Task statement
Copy the records below word for word, from the first line through the line that contains "17.4l3.2 .1-3.1 .5zM27.6", and leave out any pictures.

Extracted records:
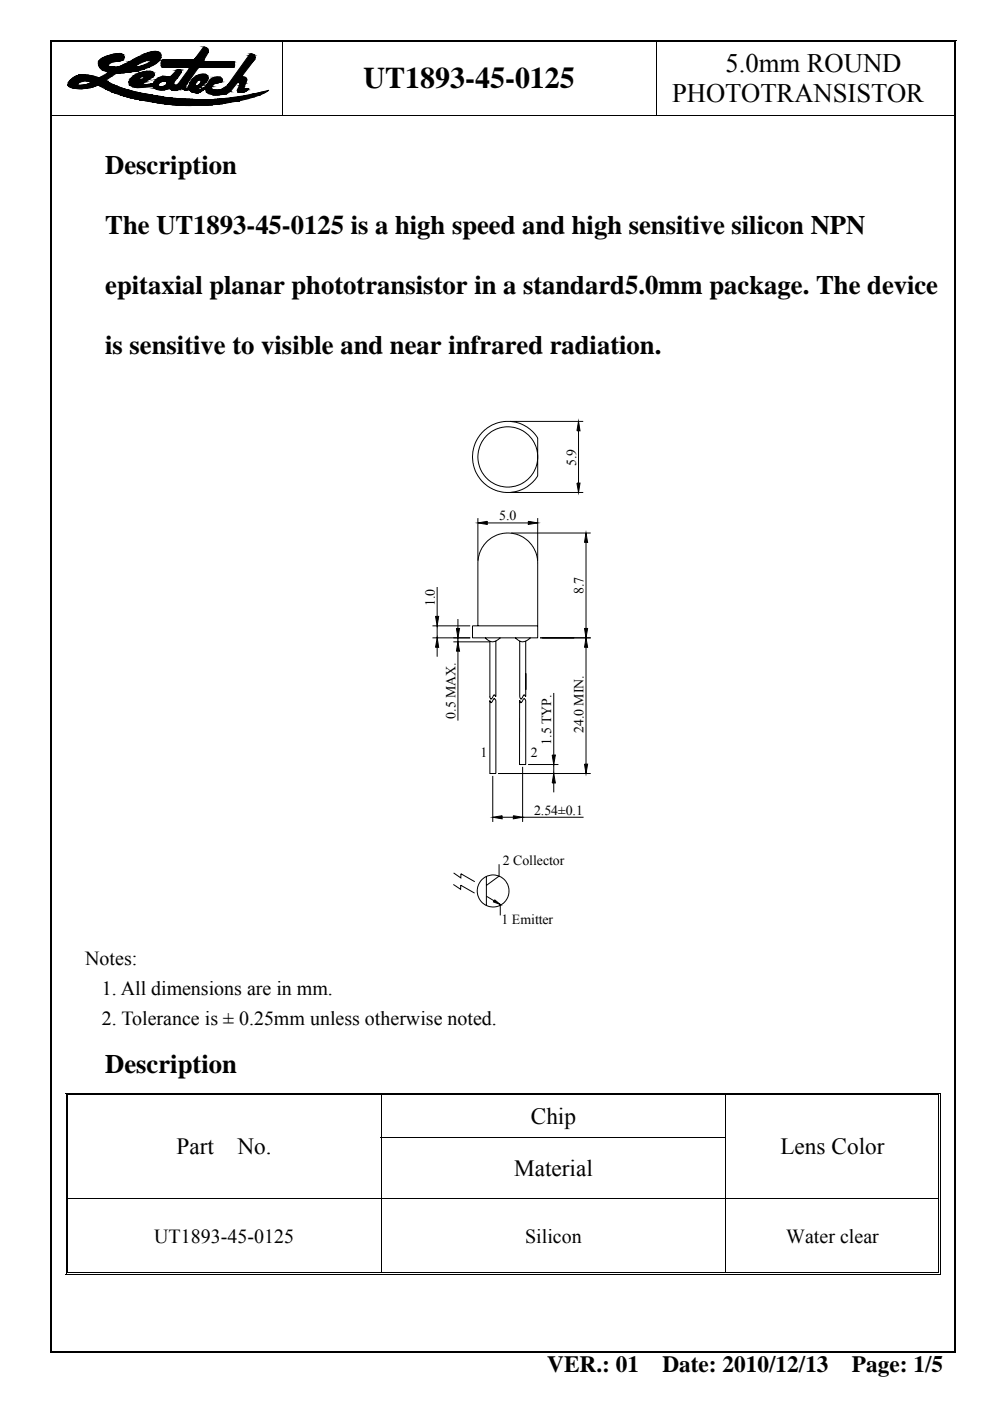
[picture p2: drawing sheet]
<svg xmlns="http://www.w3.org/2000/svg" width="210mm" height="297mm" viewBox="0 0 210 297" stroke-linecap="round" stroke-linejoin="round" font-family="sans-serif">
<g fill="#000">
<path d="M14.5 17.5l2.1 .1-2.2 .4zM15.1 16.8l.3-.2 7 .4zM15.9 18.8h1.6zM14.4 18l2.2-.4zM16.6 16l1.1-.1zM16.6 16l1.7-.1zM18.2 17.1h.4zM15.4 16.6l5.6-.2 1.4 .6zM21 16.4l1.4 .6zM21.1 16.4l1.3 .6zM21.3 18.3l3.7 .1-2.7 .4zM22.7 19l4.6 .1-3.6 .4z"/>
<path d="M21.2 16.4l1.6-.9 .9 .7zM22.8 15.5h1.9zM21.2 16.4l2.5-.2-1.3 .8zM24.2 19.7h5.7l-4.4 .5zM22.8 15.5h1.9l-1 .7zM22.3 18.8l2.7-.4 .5 .2zM24.6 11.4h1.2zM25.1 11.3l.7 .1zM24.7 15.5h.9zM24.6 11.4h1.2l.3 .2zM23.4 11.7l2.7-.1 .3 .5zM26.7 13.5l.6-.4 2 .5z"/>
<path d="M27.3 17.4l3.2 .1-3.1 .5zM27.6 16.7l2 .1-2.3 .6zM27.6 16.7l.8-.7 1.9 .2zM28.4 16l.9-.5 3.4 .1zM27.3 17.4l2.3-.6 .2 .1zM27.3 17.4l2.5-.5 1.3 .3zM29.8 16.9l1.3 .3zM27.6 16.7l2.7-.5zM30 16.9l.4-.2 1.2 .1zM29.4 12l1-.5 3.8 .1zM30.6 16.4l1 .4-1.2-.1zM27.3 13.1l3.5-.2-1.5 .7z"/>
<path d="M30 14l1.4-.6 1.7 .1zM30 16.9l1.6-.1-.5 .4zM31.4 13.4l.4-.2 1.3 .3zM31 15.1l.9-.1 .5 .3zM31.9 13h1.8l-1.9 .2zM31.9 12.8l1.8 .2h-1.8zM32.4 18.4h1.6l-1.3 .3zM31.9 17.8l1.8-.1zM30.6 16.4l1.9-.1-.9 .5zM32.7 17.3h1.5l-1.7 .4zM32.1 10.9h1.3zM30 14l3.1-.5-.6 .3z"/>
<path d="M33.2 19l1.8 .1-.9 .1zM31.8 13.2l1.9-.2-.6 .5zM32.4 18.4h1.4zM32.5 17.7l1.3-.1zM32.4 18.4h1.6zM32.5 17.7l1.4-.2zM31.9 12.8l2-.1-.2 .3zM32.7 18.7l1.5-.3zM32.5 17.7l1.5-.3zM28.7 12.4l5.5-.2-2.5 .5zM31.7 12.7l2.5-.5-.3 .5zM29.4 12l4.8-.4v.6z"/>
<path d="M32.5 17.7l1.7-.4zM32.7 17.3h1.7zM32.7 17.3l1.9-.1zM34.4 16.2l1.5 .1zM35.1 17.2l1.8 .2zM35.2 17.9l1.9 .2h-2zM35.2 17.3l1.7 .1h-1.6zM35.3 17.8l1.6 .1h-1.7zM35.3 17.4l1.6 .3zM35.3 17.6l1.6 .1-1.6 .1zM35.4 17.5l1.5 .2zM35.9 16.3l1.7 .2z"/>
<path d="M36.3 19.1h1.3l-.6 .1zM35.3 17.8l1.6-.1v.2zM35.2 17.9h1.7l.2 .2zM35.3 17.4h1.6v.3zM37.4 15h1l-2.2 1.3zM33.1 16.9l4.5-.4-2.7 .7zM34.9 17.2l2.7-.7zM35.1 17.2l2.5-.7-.7 .9zM37.4 15l.2-.2h.6zM37 19.2l.6-.1zM37.6 14.8h.4zM36.2 16.3h1.6l-.2 .2z"/>
<path d="M36.3 19.1l1.7-.1zM37.6 14.8h.6zM36.2 16.3l1.9-.5-.3 .5zM37.4 15l.8-.2 .2 .2zM36.2 16.3l2.1-.8-.2 .3zM36.2 16.3l2.2-1.3v.2zM36.2 16.3l2.2-1.1zM36.2 16.3l2.3-1-.2 .2zM36.2 16.3l2.3-1zM38.7 18.6h.6l-.5 .3zM38.8 18.9l1.2 .1-1 .1zM39 19l.7 .1z"/>
<path d="M39.2 19.1h.5zM39.3 19.1h.3zM38.7 18.6l.6-.2v.2zM38.8 18.9l.5-.3 .1 .2zM38.8 18.9l.8-.1zM39.4 19.1h.2zM37.5 18l2.2-.2-.4 .4zM39.3 19.1h.4zM39 19.1l1-.1zM40 19h1.7zM40 18.2h1.6l-1.7 .3zM40.1 19l1.7 .1-1.4 .2z"/>
<path d="M40.2 14.5l-.5 3.3h-1.9zM40.2 14.4h1.8l-1.8 .1zM40.2 17.6h1.3l-1.5 .6zM40.4 19.3l1.5-.2zM40.6 17h1.4l-1.8 .6zM40.6 19.5h1.9zM40.7 19.5l1.7 .1zM40.8 19.5l1.6 .1zM40.9 16.7l1.5 .2-1.8 .1zM40.9 19.6h1.5zM41.1 19.6l1 .1zM41.3 19.6l.8 .1z"/>
<path d="M41.4 19.6l.7 .1zM40 18.2l1.4-.4v.2zM40 18.2l1.4-.2 .1 .1zM40 18.2h1.6zM40 18.2l1.5-.6-.1 .2zM41.5 19.7h.4zM41.5 19.7h.2zM40.2 17.6l1.4-.1-.1 .1zM39.9 18.5l1.8-.3zM40.2 17.6l1.4-.2zM41.7 19.7h.1zM40.1 19.1h1.7z"/>
<path d="M40 19l1.7-.1zM40.2 17.6l1.5-.3-.1 .1zM40.2 17.6l1.6-.4zM40.4 19.3l1.6-.2zM41.7 19.7h.2zM40.2 17.6l1.7-.5zM40.2 17.6l1.8-.6zM42 19.1l.1-.1zM41.7 18.2l.3-.1 .5 .4zM40.2 14.5l1.8-.1-2.3 3.4zM40.6 17h1.5zM42 19.1h1.1z"/>
<path d="M42 18.1l.1-.1 .4 .5zM41.5 19.7h.6zM42.1 19l1 .1zM40.2 14.4l1.9-.1-.1 .1zM42.1 19.1h1zM42.2 17.9h.9l-1 .1zM42.2 19l.9 .1zM42.3 19l.8 .1zM42.2 17.9l.2-.1 .7 .1zM40.6 17l1.8-.1zM42.4 16.9h1.7zM41.1 19.6h1.3z"/>
<path d="M42.5 17.6l.6 .3-.7-.1zM42.5 16.9h1.6zM40.7 19.5h1.8zM42.5 17.5l.6 .4-.6-.3zM42.6 17l1.2 .3zM42.6 17.4l.5 .5-.6-.4zM42.6 17l1.2 .3-1.2-.1zM42.6 17.2l1.2 .1-1.2 .1zM42.2 15.8l.8-.1 .7 .1zM42.1 18l1-.1-.6 .6zM43.2 18.6h1.7l-1.4 .2zM42.4 19l.8-.4 .3 .2z"/>
<path d="M43.2 10l.6 .1-2.5 2.4zM42.4 19h.9zM42.4 19l1-.1zM43.2 10l.6 .1zM42.4 19l1.1-.2zM43.5 18.9h1.5zM43.5 18.8l1.5 .1zM43.6 18.9l1.6 .1zM43.6 19h1.6l-1.5 .5zM43.2 18.6l.4-.3 1.3 .1zM42.2 15.8h1.5l.3 .2zM41.3 12.5l2.5-2.4 .2 .2z"/>
<path d="M42.6 17.4l1.2-.1-.7 .6zM43.9 17.9l1 .5-1.3-.1zM41.3 12.5l2.7-2.2 .2 .3zM42.6 17l1.5-.1-.3 .4zM42.4 16.9l1.8-.3-.1 .3zM41.3 12.5l2.9-1.9v.2zM41.3 12.5l2.9-1.5-.9 1.5zM41.3 12.5l2.9-1.7v.2zM44.3 17.2l2.6 .2-3 .5zM43.5 18.8l1.4-.2 .1 .3zM43.2 18.6l1.7-.2v.2zM43.7 19.5l1.5-.5 .4 .1z"/>
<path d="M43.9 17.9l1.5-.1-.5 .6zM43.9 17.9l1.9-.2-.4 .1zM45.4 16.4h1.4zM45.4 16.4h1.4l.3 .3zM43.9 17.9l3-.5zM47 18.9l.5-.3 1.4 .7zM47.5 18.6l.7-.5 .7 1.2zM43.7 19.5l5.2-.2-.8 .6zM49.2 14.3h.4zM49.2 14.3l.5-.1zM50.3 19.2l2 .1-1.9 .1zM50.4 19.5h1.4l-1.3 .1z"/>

Answer box
[picture p2: drawing sheet]
<svg xmlns="http://www.w3.org/2000/svg" width="210mm" height="297mm" viewBox="0 0 210 297" stroke-linecap="round" stroke-linejoin="round" font-family="sans-serif">
<g fill="#000">
<path d="M14.5 17.5l2.1 .1-2.2 .4zM15.1 16.8l.3-.2 7 .4zM15.9 18.8h1.6zM14.4 18l2.2-.4zM16.6 16l1.1-.1zM16.6 16l1.7-.1zM18.2 17.1h.4zM15.4 16.6l5.6-.2 1.4 .6zM21 16.4l1.4 .6zM21.1 16.4l1.3 .6zM21.3 18.3l3.7 .1-2.7 .4zM22.7 19l4.6 .1-3.6 .4z"/>
<path d="M21.2 16.4l1.6-.9 .9 .7zM22.8 15.5h1.9zM21.2 16.4l2.5-.2-1.3 .8zM24.2 19.7h5.7l-4.4 .5zM22.8 15.5h1.9l-1 .7zM22.3 18.8l2.7-.4 .5 .2zM24.6 11.4h1.2zM25.1 11.3l.7 .1zM24.7 15.5h.9zM24.6 11.4h1.2l.3 .2zM23.4 11.7l2.7-.1 .3 .5zM26.7 13.5l.6-.4 2 .5z"/>
<path d="M27.3 17.4l3.2 .1-3.1 .5zM27.6 16.7l2 .1-2.3 .6zM27.6 16.7l.8-.7 1.9 .2zM28.4 16l.9-.5 3.4 .1zM27.3 17.4l2.3-.6 .2 .1zM27.3 17.4l2.5-.5 1.3 .3zM29.8 16.9l1.3 .3zM27.6 16.7l2.7-.5zM30 16.9l.4-.2 1.2 .1zM29.4 12l1-.5 3.8 .1zM30.6 16.4l1 .4-1.2-.1zM27.3 13.1l3.5-.2-1.5 .7z"/>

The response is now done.